===== EXTRACTED INFORMATION

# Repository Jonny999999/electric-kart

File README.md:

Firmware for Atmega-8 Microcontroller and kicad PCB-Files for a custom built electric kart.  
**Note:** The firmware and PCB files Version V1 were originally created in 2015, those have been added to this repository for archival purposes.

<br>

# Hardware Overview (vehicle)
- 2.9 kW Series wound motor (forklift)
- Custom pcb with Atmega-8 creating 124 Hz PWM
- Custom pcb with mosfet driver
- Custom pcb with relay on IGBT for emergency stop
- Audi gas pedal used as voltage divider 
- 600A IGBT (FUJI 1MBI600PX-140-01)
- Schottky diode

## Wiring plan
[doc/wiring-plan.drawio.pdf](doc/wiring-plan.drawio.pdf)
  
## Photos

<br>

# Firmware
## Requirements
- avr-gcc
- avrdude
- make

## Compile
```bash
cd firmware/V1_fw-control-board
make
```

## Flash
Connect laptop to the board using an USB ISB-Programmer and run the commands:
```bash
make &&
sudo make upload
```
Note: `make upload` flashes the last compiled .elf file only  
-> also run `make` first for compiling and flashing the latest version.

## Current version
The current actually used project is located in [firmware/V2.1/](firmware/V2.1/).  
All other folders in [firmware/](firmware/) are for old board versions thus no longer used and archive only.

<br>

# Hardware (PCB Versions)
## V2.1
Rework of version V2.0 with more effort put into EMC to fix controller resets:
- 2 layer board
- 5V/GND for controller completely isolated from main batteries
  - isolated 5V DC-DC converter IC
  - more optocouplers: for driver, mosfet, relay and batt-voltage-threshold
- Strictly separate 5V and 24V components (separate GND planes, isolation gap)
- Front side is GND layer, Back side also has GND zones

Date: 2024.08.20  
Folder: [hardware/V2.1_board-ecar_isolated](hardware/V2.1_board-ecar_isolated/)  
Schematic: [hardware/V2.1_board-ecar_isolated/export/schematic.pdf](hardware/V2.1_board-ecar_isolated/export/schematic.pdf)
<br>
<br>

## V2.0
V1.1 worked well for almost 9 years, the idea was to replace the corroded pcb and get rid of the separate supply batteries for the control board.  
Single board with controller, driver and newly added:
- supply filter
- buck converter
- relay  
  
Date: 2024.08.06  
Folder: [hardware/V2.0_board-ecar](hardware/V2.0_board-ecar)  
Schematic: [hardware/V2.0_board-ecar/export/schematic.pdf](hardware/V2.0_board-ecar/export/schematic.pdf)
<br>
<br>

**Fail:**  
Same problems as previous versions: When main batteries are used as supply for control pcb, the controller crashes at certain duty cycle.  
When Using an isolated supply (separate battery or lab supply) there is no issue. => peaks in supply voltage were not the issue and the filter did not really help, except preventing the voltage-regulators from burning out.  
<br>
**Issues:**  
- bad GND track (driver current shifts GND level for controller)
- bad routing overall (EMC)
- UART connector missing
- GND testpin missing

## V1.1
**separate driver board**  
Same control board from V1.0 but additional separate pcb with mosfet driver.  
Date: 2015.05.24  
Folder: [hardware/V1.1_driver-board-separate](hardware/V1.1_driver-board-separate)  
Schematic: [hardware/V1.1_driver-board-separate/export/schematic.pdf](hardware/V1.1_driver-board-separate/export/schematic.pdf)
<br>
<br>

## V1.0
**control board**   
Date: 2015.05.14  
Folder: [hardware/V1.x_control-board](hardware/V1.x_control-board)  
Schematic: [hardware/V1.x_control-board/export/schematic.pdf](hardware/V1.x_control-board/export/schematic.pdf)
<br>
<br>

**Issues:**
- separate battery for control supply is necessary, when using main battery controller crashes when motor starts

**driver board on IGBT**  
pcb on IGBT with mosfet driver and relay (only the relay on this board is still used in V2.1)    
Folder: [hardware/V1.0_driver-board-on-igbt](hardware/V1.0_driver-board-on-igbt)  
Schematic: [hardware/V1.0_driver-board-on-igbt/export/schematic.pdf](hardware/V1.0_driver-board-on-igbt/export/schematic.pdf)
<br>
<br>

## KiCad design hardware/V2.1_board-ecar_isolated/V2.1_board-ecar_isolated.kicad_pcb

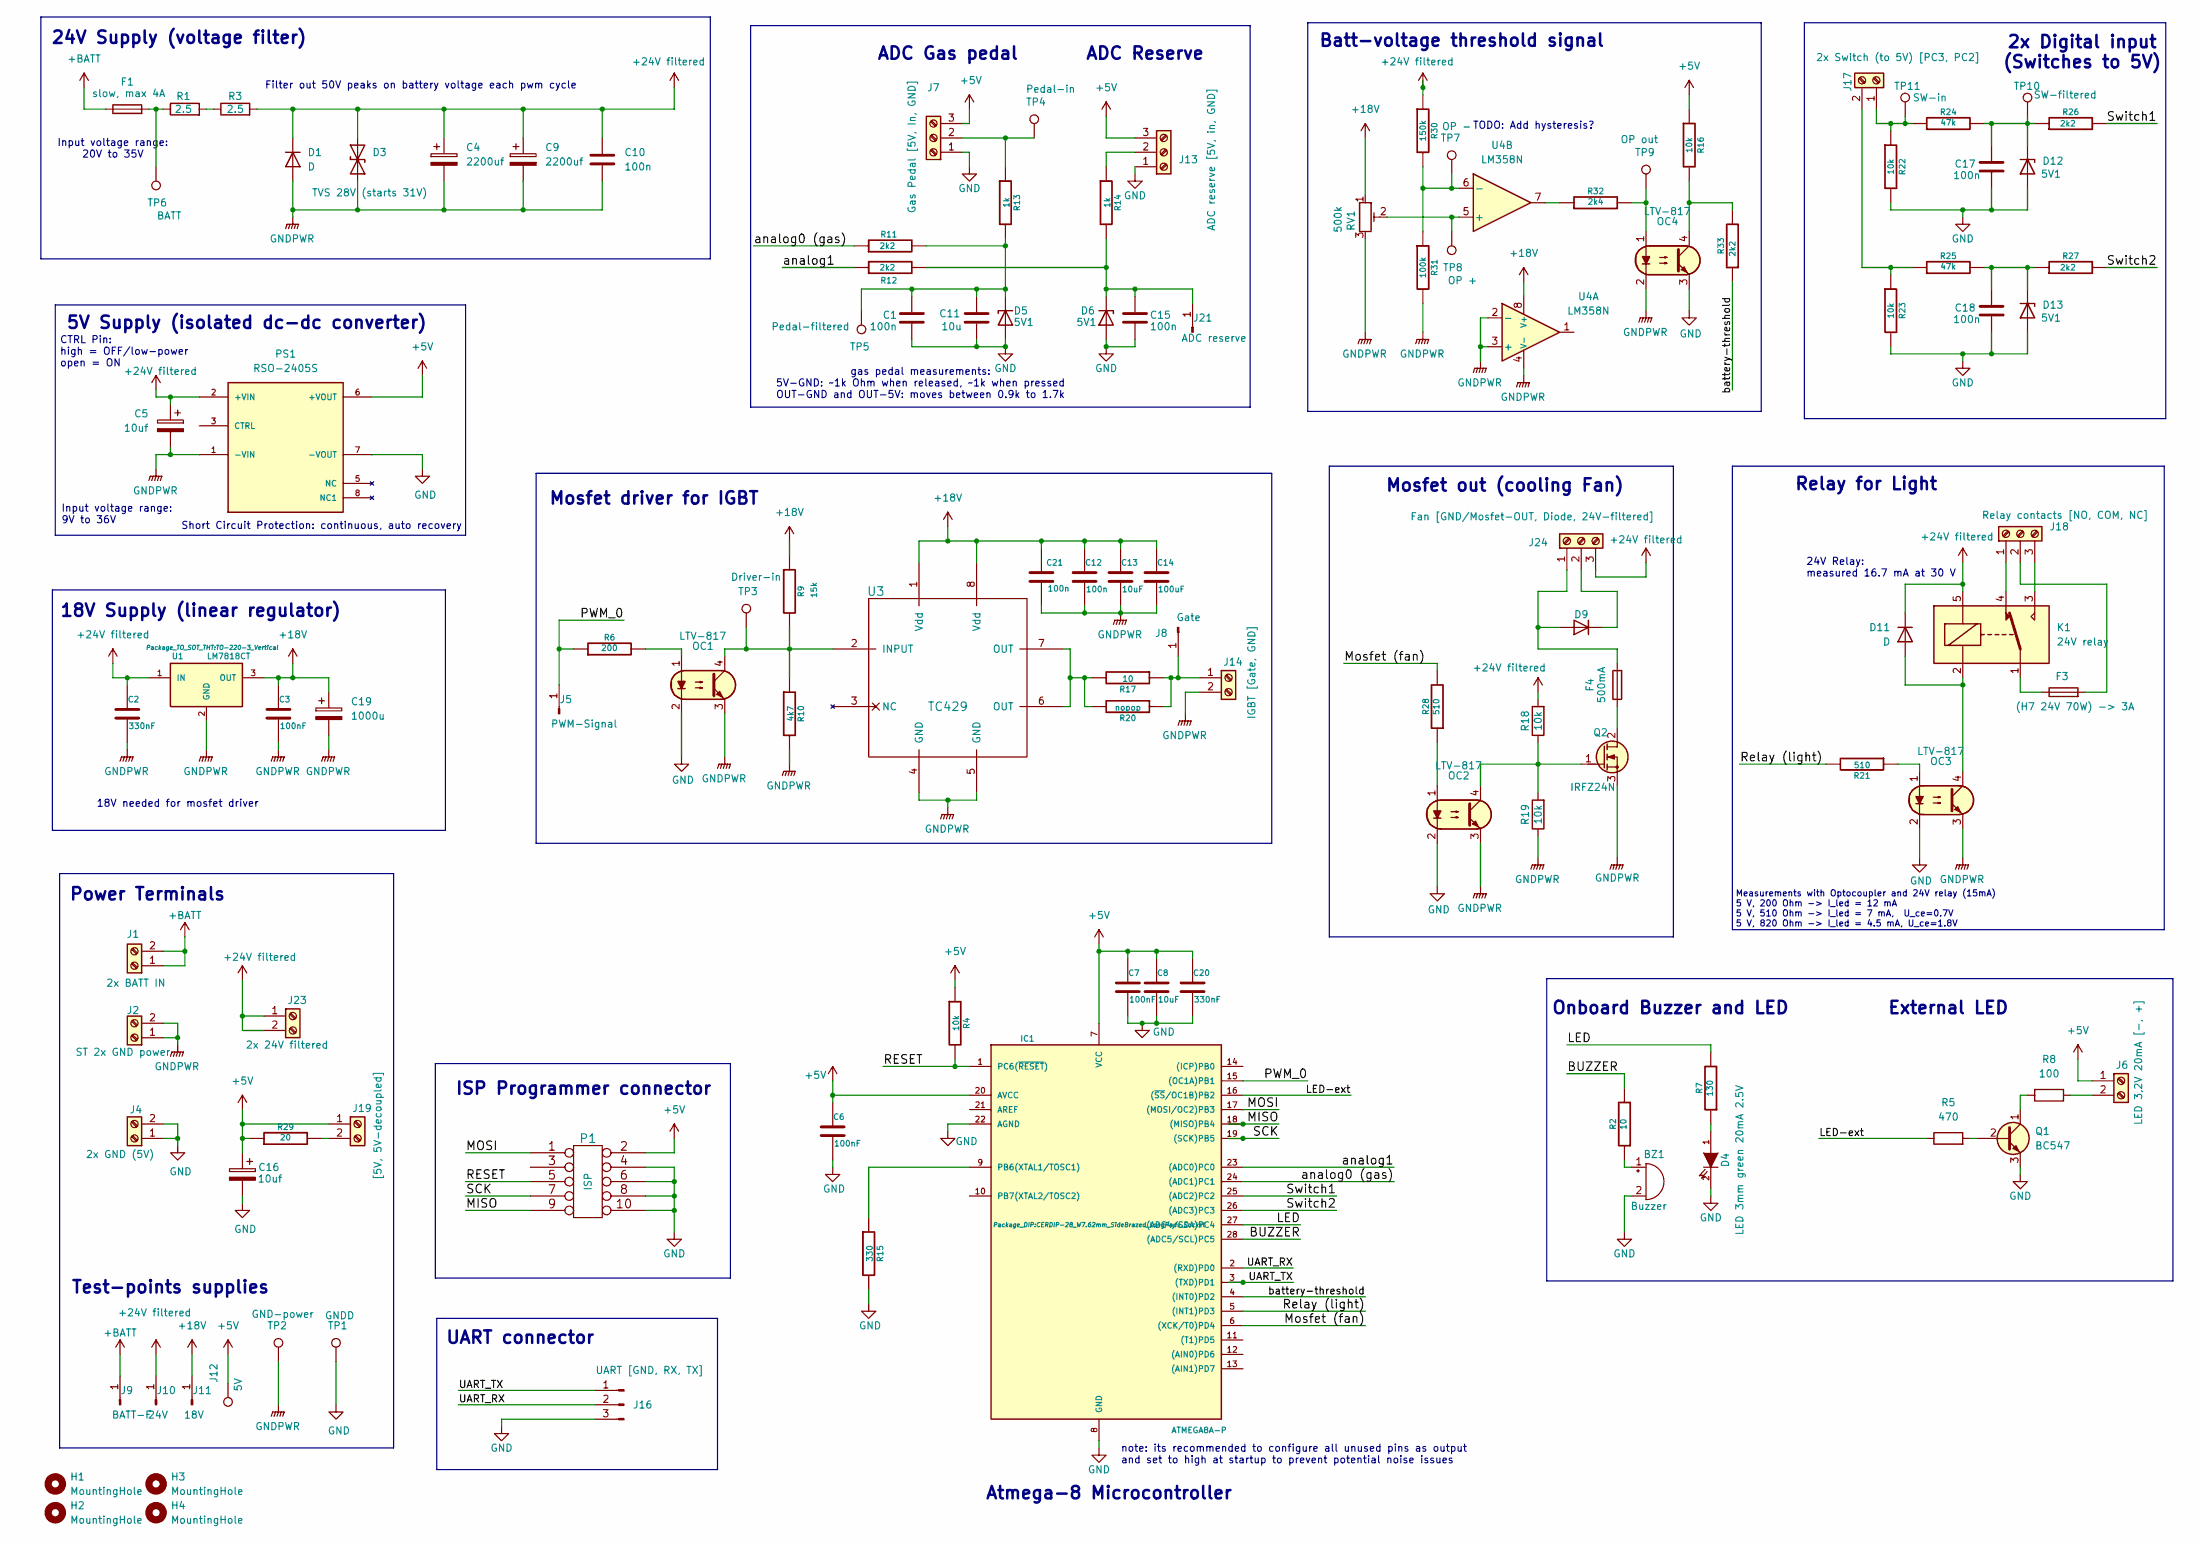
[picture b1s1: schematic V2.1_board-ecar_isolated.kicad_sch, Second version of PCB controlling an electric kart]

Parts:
BZ1: Buzzer; Buzzer_TDK_PS1240P02BT_D12.2mm_H6.5mm
C1, C10, C12, C15, C17, C18, C21: 100n; C_Disc_D7.0mm_W2.5mm_P5.00mm
C2, C20: 330nF; C_Disc_D8.0mm_W5.0mm_P5.00mm
C3, C6, C7: 100nF; C_Disc_D7.0mm_W2.5mm_P5.00mm
C4, C9: 2200uf; CP_Radial_D18.0mm_P7.50mm
C5, C16: 10uf; CP_Radial_D5.0mm_P2.50mm
C8, C13: 10uF; CP_Radial_D5.0mm_P2.50mm
C11: 10u; CP_Radial_D5.0mm_P2.50mm
C14: 100uF; CP_Radial_D8.0mm_P5.00mm
C19: 1000u; CP_Radial_D10.0mm_P5.00mm
D1, D9, D11: D; D_T-1_P12.70mm_Horizontal
D3: TVS 28V (starts 31V); D_DO-201AE_P15.24mm_Horizontal
D4: LED 3mm green 20mA 2.5V; LED_D3.0mm_Clear
D5, D6, D12, D13: 5V1; D_A-405_P10.16mm_Horizontal
F1: slow, max 4A; Fuseholder_Cylinder-5x20mm_Stelvio-Kontek_PTF78_Horizontal_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
F3: (H7 24V 70W) -> 3A; Fuseholder_Cylinder-5x20mm_Stelvio-Kontek_PTF78_Horizontal_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
F4: 500mA; Fuseholder_Cylinder-5x20mm_Stelvio-Kontek_PTF78_Horizontal_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
H1, H2, H3, H4: MountingHole; MountingHole_5.3mm_M5
IC1: ATMEGA8A-P; CERDIP-28_W7.62mm_SideBrazed_LongPads_Socket
J1: 2x BATT IN; TerminalBlock_bornier-2_P5.08mm
J2: ST 2x GND power; TerminalBlock_bornier-2_P5.08mm
J4: 2x GND (5V); TerminalBlock_bornier-2_P5.08mm
J5: PWM-Signal; PinHeader_1x01_P1.00mm_Vertical
J6: LED 3,2V 20mA [-, +]; TerminalBlock_bornier-2_P5.08mm
J7: Gas Pedal [5V, In, GND]; TerminalBlock_bornier-3_P5.08mm
J8: Gate; PinHeader_1x01_P1.00mm_Vertical
J9: BATT-F; PinHeader_1x01_P1.00mm_Vertical
J10: 24V; PinHeader_1x01_P1.00mm_Vertical
J11: 18V; PinHeader_1x01_P1.00mm_Vertical
J12: 5V; PinHeader_1x01_P1.00mm_Vertical
J13: ADC reserve [5V, in, GND]; TerminalBlock_bornier-3_P5.08mm
J14: IGBT [Gate, GND]; TerminalBlock_bornier-2_P5.08mm
J16: UART [GND, RX, TX]; PinHeader_1x03_P2.54mm_Vertical
J17: 2x Switch (to 5V) [PC3, PC2]; TerminalBlock_bornier-2_P5.08mm
J18: Relay contacts [NO, COM, NC]; TerminalBlock_bornier-3_P5.08mm
J19: [5V, 5V-decoupled]; TerminalBlock_bornier-2_P5.08mm
J21: ADC reserve; PinHeader_1x01_P1.00mm_Vertical
J23: 2x 24V filtered; TerminalBlock_bornier-2_P5.08mm
J24: Fan [GND/Mosfet-OUT, Diode, 24V-filtered]; TerminalBlock_bornier-3_P5.08mm
K1: 24V relay; Relay_SPDT_SANYOU_SRD_Series_Form_C
OC1, OC2, OC3, OC4: LTV-817; DIP-4_W10.16mm_LongPads
P1: ISP; IDC-Header_2x05_P2.54mm_Vertical
PS1: RSO-2405S; CONV_RSO-2405S; PARTREV 3
Q1: BC547; TO-92L
Q2: IRFZ24N; TO-220-3_Vertical
R1, R3: 2.5; R_Axial_DIN0922_L20.0mm_D9.0mm_P25.40mm_Horizontal
R2, R17: 10; R_Axial_DIN0207_L6.3mm_D2.5mm_P10.16mm_Horizontal
R4, R16, R18, R19, R22, R23: 10k; R_Axial_DIN0207_L6.3mm_D2.5mm_P10.16mm_Horizontal
R5: 470; R_Axial_DIN0207_L6.3mm_D2.5mm_P10.16mm_Horizontal
R6: 200; R_Axial_DIN0207_L6.3mm_D2.5mm_P10.16mm_Horizontal
R7: 130; R_Axial_DIN0207_L6.3mm_D2.5mm_P10.16mm_Horizontal
R8: 100; R_Axial_DIN0207_L6.3mm_D2.5mm_P10.16mm_Horizontal
R9: 15k; R_Axial_DIN0207_L6.3mm_D2.5mm_P10.16mm_Horizontal
R10: 4k7; R_Axial_DIN0207_L6.3mm_D2.5mm_P10.16mm_Horizontal
R11, R12, R26, R27, R33: 2k2; R_Axial_DIN0207_L6.3mm_D2.5mm_P10.16mm_Horizontal
R13, R14: 1k; R_Axial_DIN0207_L6.3mm_D2.5mm_P10.16mm_Horizontal
R15: 330; R_Axial_DIN0207_L6.3mm_D2.5mm_P10.16mm_Horizontal
R20: nopop; R_Axial_DIN0207_L6.3mm_D2.5mm_P10.16mm_Horizontal
R21, R28: 510; R_Axial_DIN0207_L6.3mm_D2.5mm_P10.16mm_Horizontal
R24, R25: 47k; R_Axial_DIN0207_L6.3mm_D2.5mm_P10.16mm_Horizontal
R29: 20; R_Axial_DIN0207_L6.3mm_D2.5mm_P10.16mm_Horizontal
R30: 150k; R_Axial_DIN0207_L6.3mm_D2.5mm_P10.16mm_Horizontal
R31: 100k; R_Axial_DIN0207_L6.3mm_D2.5mm_P10.16mm_Horizontal
R32: 2k4; R_Axial_DIN0207_L6.3mm_D2.5mm_P10.16mm_Horizontal
RV1: 500k; Potentiometer_Piher_PT-10-V10_Vertical
TP1: GNDD; PinHeader_1x01_P1.00mm_Vertical
TP2: GND-power; PinHeader_1x01_P1.00mm_Vertical
TP3: Driver-in; PinHeader_1x01_P1.00mm_Vertical
TP4: Pedal-in; PinHeader_1x01_P1.00mm_Vertical
TP5: Pedal-filtered; PinHeader_1x01_P1.00mm_Vertical
TP6: BATT; PinHeader_1x01_P1.00mm_Vertical
TP7: OP -; PinHeader_1x01_P1.00mm_Vertical
TP8: OP +; PinHeader_1x01_P1.00mm_Vertical
TP9: OP out; PinHeader_1x01_P1.00mm_Vertical
TP10: SW-filtered; PinHeader_1x01_P1.00mm_Vertical
TP11: SW-in; PinHeader_1x01_P1.00mm_Vertical
U1: LM7818CT; TO-220-3_Vertical
U3: TC429; DIP-8_W7.62mm_Socket_LongPads
U4: LM358N; DIP-8_W7.62mm_LongPads

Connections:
+5V: C6.1, C7.1, C8.1, C16.1, C20.1, IC1.7 (VCC), IC1.20 (AVCC), J6.1, J7.3, J12.1, J13.3, J19.1, P1.2, PS1.6 (+VOUT), R4.1, R16.1, R29.1
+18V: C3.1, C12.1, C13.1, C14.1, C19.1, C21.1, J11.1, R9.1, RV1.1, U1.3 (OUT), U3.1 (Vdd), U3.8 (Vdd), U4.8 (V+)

==========

▶ [AIM OF THE EXERCISE]:
Every line above that holds "filtered" should be tallied; answer with the total alone.

▶ [TASK SOLUTION]:
4